Because of the more nearly equal size capacitances in the Node of Ranvier, the output pulse waveform is usually more symmetrical than that of the initial Activa of a Ganglion Cell.

The pulse to analog signal recovery circuit--the Stelllate Cell

The same basic circuit configuration as shown in frame D can be used to recover the information associated with the pulse trains generated by the Ganglion Cells and regenerated by the Nodes of Ranvier. The Stellate Cell is shown in frame F. It most closely resembles the Ganglion Cell of frame D. It has a small capacitance associated with the emitter terminal and a large capacitance associated with the collector terminal.

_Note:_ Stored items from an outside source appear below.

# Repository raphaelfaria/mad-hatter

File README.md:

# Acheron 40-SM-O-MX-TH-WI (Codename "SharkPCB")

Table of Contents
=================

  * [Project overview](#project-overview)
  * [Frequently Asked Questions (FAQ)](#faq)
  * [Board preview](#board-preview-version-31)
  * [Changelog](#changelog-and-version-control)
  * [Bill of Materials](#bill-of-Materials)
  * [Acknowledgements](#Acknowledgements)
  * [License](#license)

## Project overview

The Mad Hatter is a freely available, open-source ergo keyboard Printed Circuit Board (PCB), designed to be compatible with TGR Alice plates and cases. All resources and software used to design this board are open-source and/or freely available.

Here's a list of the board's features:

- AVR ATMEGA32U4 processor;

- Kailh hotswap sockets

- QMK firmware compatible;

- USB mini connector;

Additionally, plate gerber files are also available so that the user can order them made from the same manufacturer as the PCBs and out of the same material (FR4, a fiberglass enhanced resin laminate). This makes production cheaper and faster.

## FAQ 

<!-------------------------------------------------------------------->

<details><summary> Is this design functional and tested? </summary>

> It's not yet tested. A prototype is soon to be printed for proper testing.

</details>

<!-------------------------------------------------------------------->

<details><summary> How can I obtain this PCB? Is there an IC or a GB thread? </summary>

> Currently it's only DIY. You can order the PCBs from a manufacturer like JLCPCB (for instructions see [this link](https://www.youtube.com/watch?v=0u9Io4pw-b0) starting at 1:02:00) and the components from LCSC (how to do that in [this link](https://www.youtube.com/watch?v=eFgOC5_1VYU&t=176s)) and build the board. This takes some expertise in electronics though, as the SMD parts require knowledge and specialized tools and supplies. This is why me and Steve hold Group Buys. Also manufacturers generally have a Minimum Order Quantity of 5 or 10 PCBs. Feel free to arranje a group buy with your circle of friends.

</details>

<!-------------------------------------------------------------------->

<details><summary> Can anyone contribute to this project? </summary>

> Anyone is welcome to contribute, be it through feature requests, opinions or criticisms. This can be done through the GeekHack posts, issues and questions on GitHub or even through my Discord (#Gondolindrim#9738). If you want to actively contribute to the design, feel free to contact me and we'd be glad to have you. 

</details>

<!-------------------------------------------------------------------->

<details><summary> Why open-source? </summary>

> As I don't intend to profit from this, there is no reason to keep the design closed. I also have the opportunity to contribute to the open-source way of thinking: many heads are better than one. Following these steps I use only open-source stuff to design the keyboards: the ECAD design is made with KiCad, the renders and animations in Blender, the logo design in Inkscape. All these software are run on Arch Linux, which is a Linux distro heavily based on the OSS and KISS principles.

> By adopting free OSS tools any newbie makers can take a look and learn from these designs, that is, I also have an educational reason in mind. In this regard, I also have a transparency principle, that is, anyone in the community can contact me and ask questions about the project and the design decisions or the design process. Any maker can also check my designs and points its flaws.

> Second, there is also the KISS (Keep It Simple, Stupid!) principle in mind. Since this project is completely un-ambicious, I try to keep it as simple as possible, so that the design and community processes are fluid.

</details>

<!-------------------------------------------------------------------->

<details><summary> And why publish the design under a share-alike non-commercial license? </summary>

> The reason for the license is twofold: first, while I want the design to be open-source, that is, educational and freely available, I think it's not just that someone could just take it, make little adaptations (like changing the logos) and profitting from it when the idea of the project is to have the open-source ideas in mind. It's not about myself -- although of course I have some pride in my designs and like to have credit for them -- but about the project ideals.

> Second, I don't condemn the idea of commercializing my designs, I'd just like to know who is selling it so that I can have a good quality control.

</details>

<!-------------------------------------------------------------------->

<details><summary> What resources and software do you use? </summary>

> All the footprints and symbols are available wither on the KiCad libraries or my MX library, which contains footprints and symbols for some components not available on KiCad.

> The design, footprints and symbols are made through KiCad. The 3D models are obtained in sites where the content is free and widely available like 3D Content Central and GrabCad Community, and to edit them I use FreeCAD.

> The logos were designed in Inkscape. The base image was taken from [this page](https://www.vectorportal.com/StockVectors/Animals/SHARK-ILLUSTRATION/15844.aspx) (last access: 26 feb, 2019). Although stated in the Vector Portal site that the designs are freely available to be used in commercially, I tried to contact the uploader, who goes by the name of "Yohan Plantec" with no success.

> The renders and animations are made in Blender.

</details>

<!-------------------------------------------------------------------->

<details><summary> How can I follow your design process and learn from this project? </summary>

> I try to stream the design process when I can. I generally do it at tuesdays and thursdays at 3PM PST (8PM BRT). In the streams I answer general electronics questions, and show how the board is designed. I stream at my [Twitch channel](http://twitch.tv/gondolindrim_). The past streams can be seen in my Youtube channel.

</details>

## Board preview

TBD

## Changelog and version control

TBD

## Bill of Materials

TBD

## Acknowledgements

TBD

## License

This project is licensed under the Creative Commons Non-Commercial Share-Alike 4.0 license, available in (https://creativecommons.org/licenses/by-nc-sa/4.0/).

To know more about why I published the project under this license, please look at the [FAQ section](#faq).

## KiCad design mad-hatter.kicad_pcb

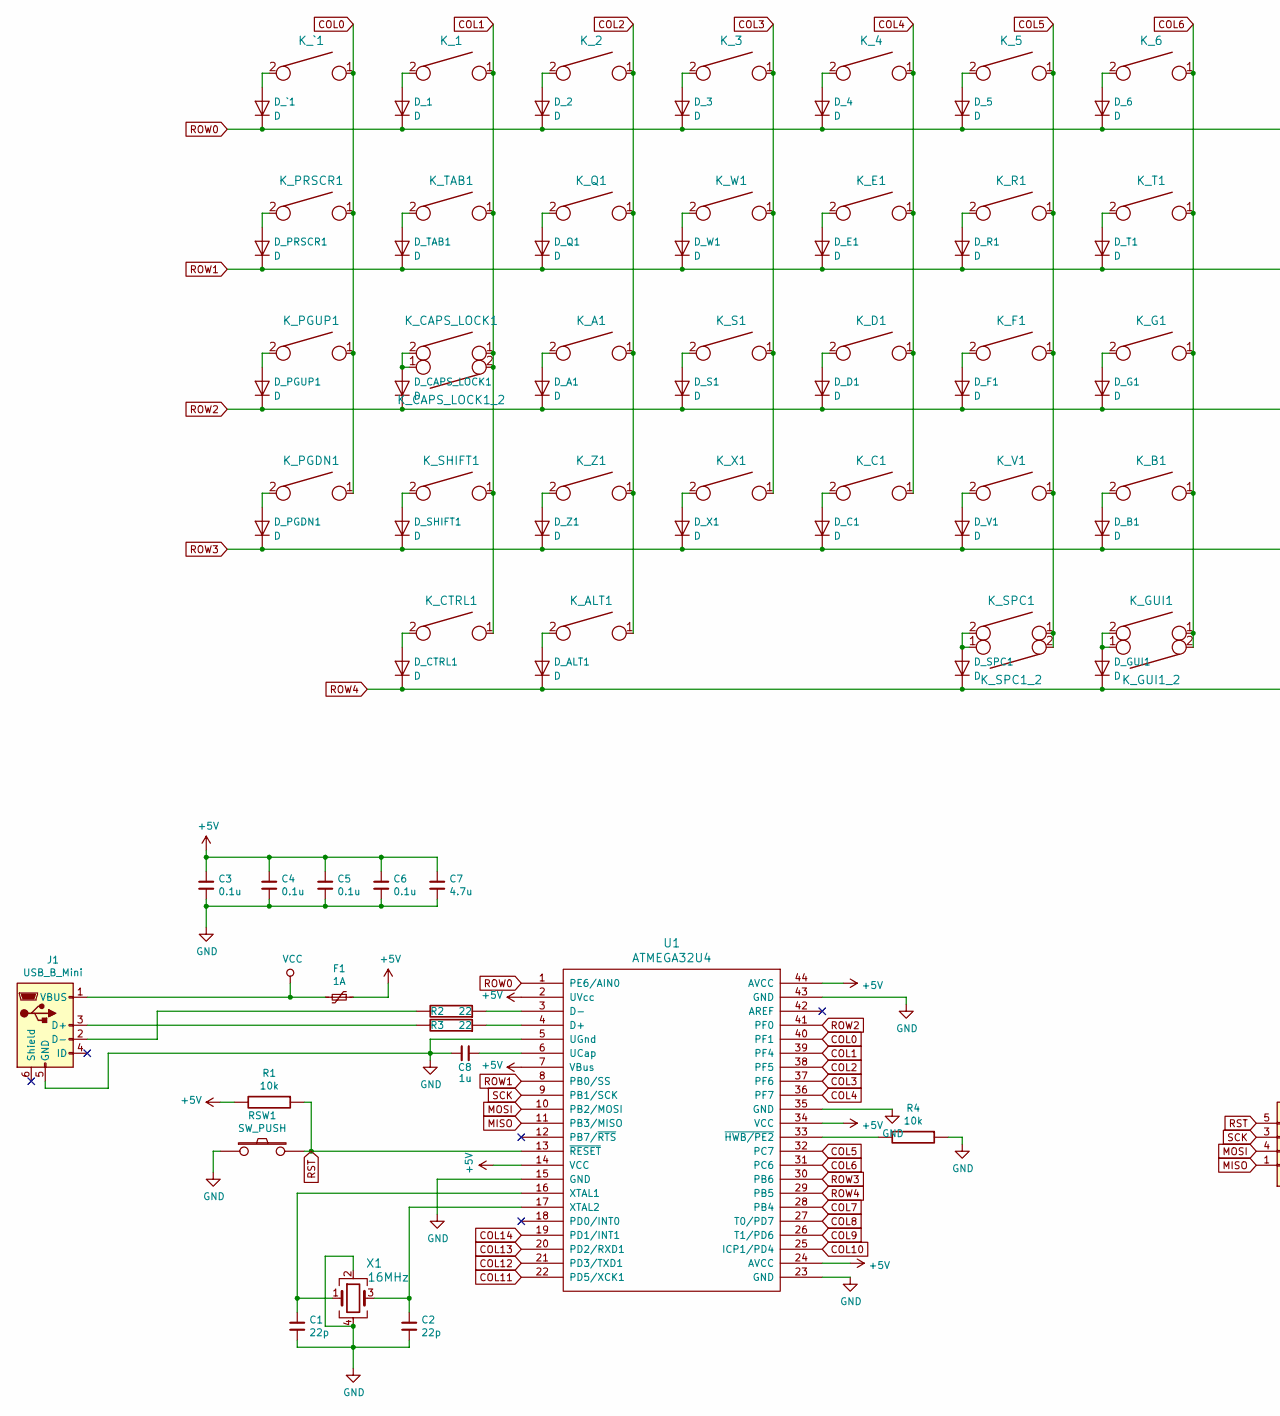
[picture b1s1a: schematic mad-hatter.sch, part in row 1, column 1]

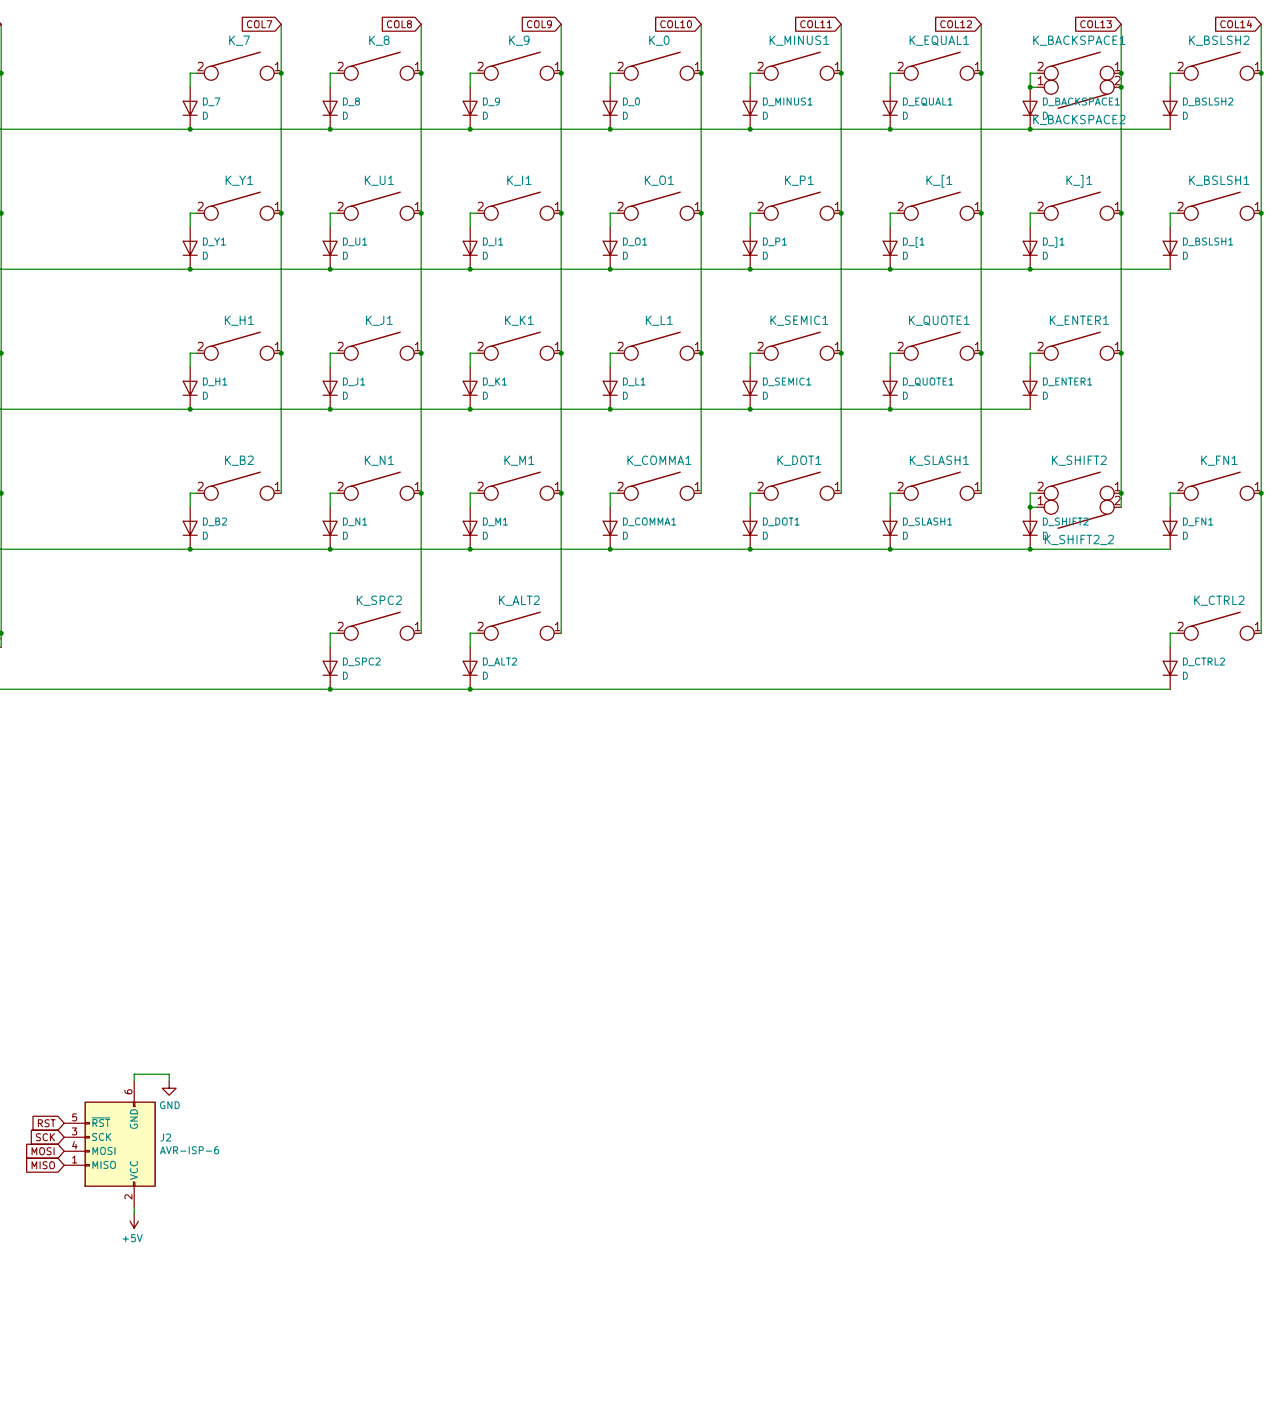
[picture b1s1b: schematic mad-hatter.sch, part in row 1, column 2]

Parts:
C1, C2: 22p; C_0805_2012Metric_Pad1.15x1.40mm_HandSolder
C3, C4, C5, C6: 0.1u; C_0805_2012Metric_Pad1.15x1.40mm_HandSolder
C7: 4.7u; C_0805_2012Metric_Pad1.15x1.40mm_HandSolder
C8: 1u; C_0805_2012Metric_Pad1.15x1.40mm_HandSolder
D_0, D_1, D_2, D_3, D_4, D_5, D_6, D_7, D_8, D_9: D; D_SOD-123
D_A1: D; D_SOD-123
D_ALT1, D_ALT2: D; D_SOD-123
D_B1, D_B2: D; D_SOD-123
D_BACKSPACE1: D; D_SOD-123
D_BSLSH1, D_BSLSH2: D; D_SOD-123
D_C1: D; D_SOD-123
D_CAPS_LOCK1: D; D_SOD-123
D_COMMA1: D; D_SOD-123
D_CTRL1, D_CTRL2: D; D_SOD-123
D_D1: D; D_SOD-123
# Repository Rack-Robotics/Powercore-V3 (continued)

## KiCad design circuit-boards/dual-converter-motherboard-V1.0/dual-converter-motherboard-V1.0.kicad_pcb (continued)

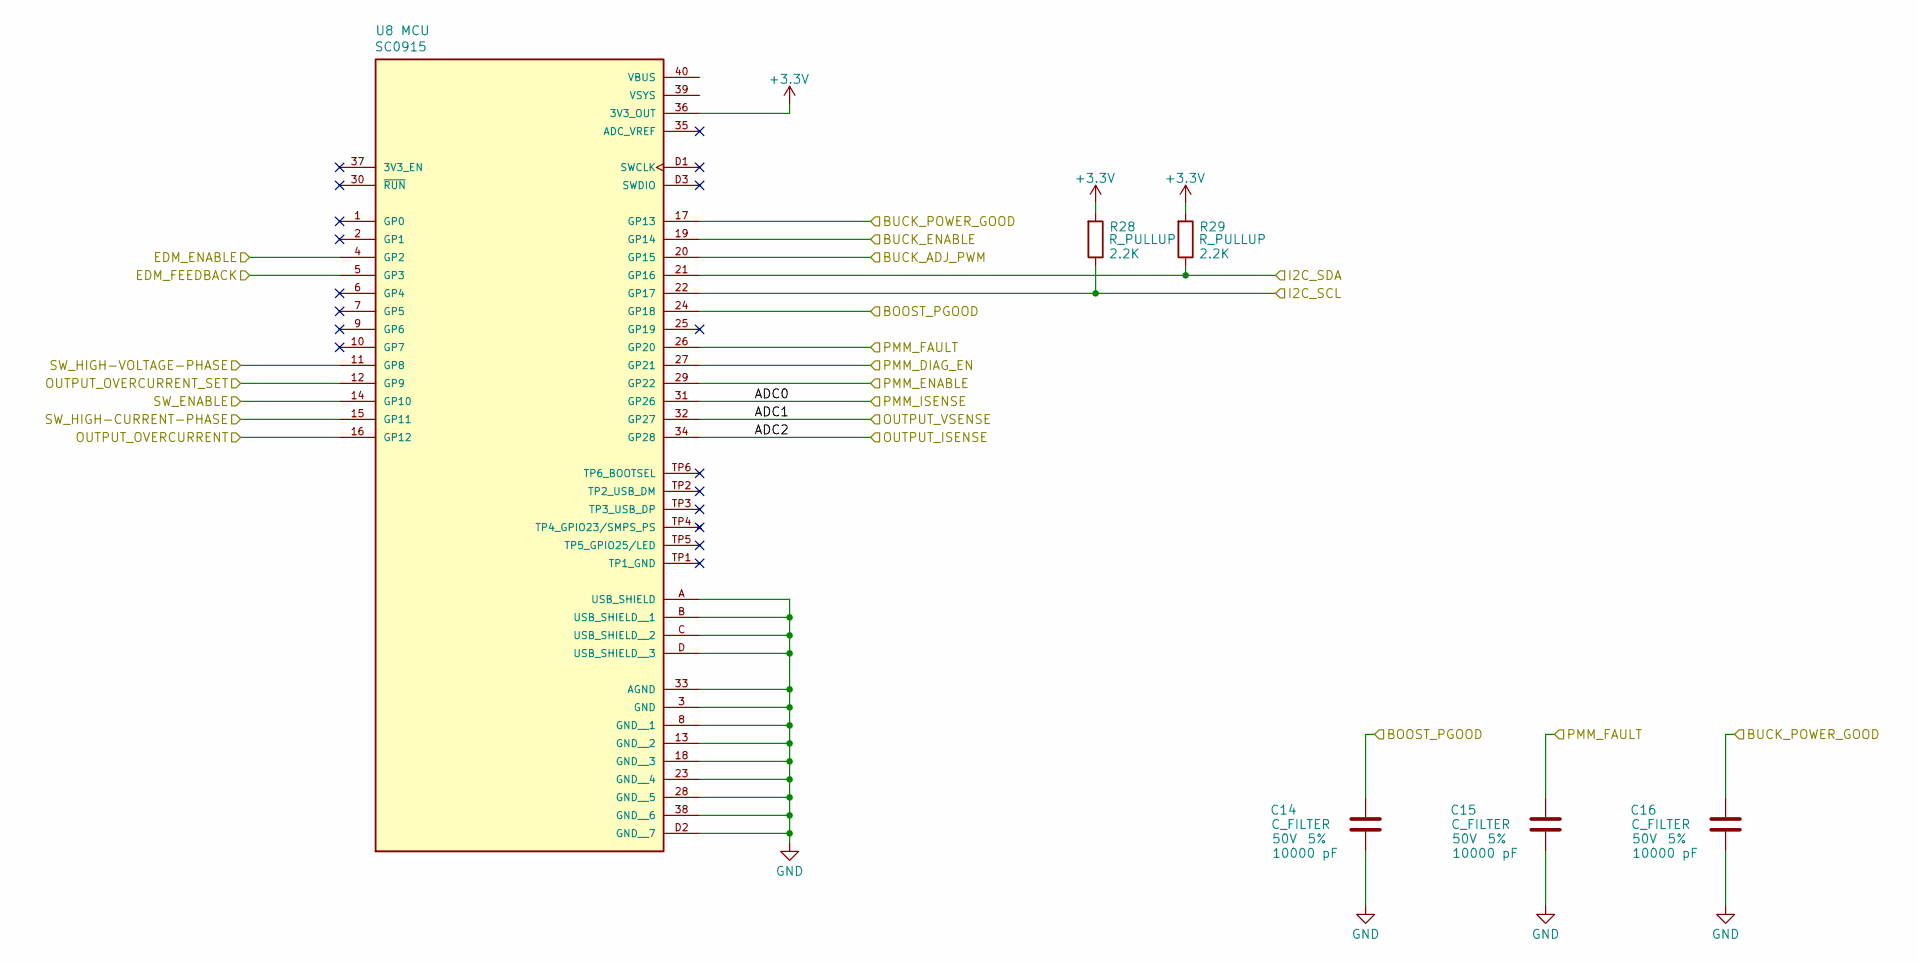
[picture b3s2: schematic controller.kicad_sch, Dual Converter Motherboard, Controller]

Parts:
C14, C15, C16: 10000 pF; C_0603_1608Metric; Tolerance 5%; Max Voltage 50V; Manufacturer# CC0603JRX7R9BB103; LCSC Part # C115056
R28, R29: 2.2K; R_0603_1608Metric; Tolerance 1%; Manufacturer# RC0603FR-132K2L; LCSC Part # C3032396
U8: SC0915; Manufacturer# SC0915; LCSC Part # C7203002

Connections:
+3.3V: R28.2, R29.2, U8.36 (3V3_OUT); also elsewhere on the board
/BOOST_PGOOD: C14.1, U8.24 (GP18); also elsewhere on the board
/BUCK_ADJ_PWM: U8.20 (GP15); also elsewhere on the board
/BUCK_ENABLE: U8.19 (GP14); also elsewhere on the board
/BUCK_POWER_GOOD: C16.1, U8.17 (GP13); also elsewhere on the board
/I2C_SCL: R28.1, U8.22 (GP17); also elsewhere on the board
/I2C_SDA: R29.1, U8.21 (GP16); also elsewhere on the board
/PMM_DIAG_EN: U8.27 (GP21); also elsewhere on the board
/PMM_ENABLE: U8.29 (GP22); also elsewhere on the board
/PMM_FAULT: C15.1, U8.26 (GP20); also elsewhere on the board
/PMM_ISENSE: U8.31 (GP26); also elsewhere on the board
/controller/ADC1: U8.32 (GP27); also elsewhere on the board
/controller/ADC2: U8.34 (GP28); also elsewhere on the board
/controller/EDM_ENABLE: U8.4 (GP2); also elsewhere on the board
/controller/EDM_FEEDBACK: U8.5 (GP3); also elsewhere on the board
/controller/OUTPUT_OVERCURRENT: U8.16 (GP12); also elsewhere on the board
/controller/OUTPUT_OVERCURRENT_SET: U8.12 (GP9); also elsewhere on the board
/controller/SW_ENABLE: U8.14 (GP10); also elsewhere on the board
/controller/SW_HIGH-CURRENT-PHASE: U8.15 (GP11); also elsewhere on the board
/controller/SW_HIGH-VOLTAGE-PHASE: U8.11 (GP8); also elsewhere on the board
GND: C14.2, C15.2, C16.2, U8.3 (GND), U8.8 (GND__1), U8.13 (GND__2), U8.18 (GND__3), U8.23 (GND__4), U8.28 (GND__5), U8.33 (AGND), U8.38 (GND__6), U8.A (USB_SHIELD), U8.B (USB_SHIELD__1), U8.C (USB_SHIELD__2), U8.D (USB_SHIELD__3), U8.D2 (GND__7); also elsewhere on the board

The Stellate Cell, with its relatively large output capacitance, operates as a charge integrator. Each pulse received at the emitter results in a quantity of charge being placed on the capacitor. This charge can leak off of the capacitor with time through the impedance in the collector circuit. By establishing the proper time constant in the collector circuit, a signal very similar to that used to encode the action pulse stream at the Ganglion Cells can be recovered. By comparing the recovered potential with the ground potential of the medium, a monopolar signal is recovered representative of the original luminance signal. By comparing the recovered signal to a fixed reference, a bipolar signal is recovered that is representative of the original chrominance, polarization or appearance signal. This is the form described by the label G₂ in the figure. Both forms are fully described in the main text.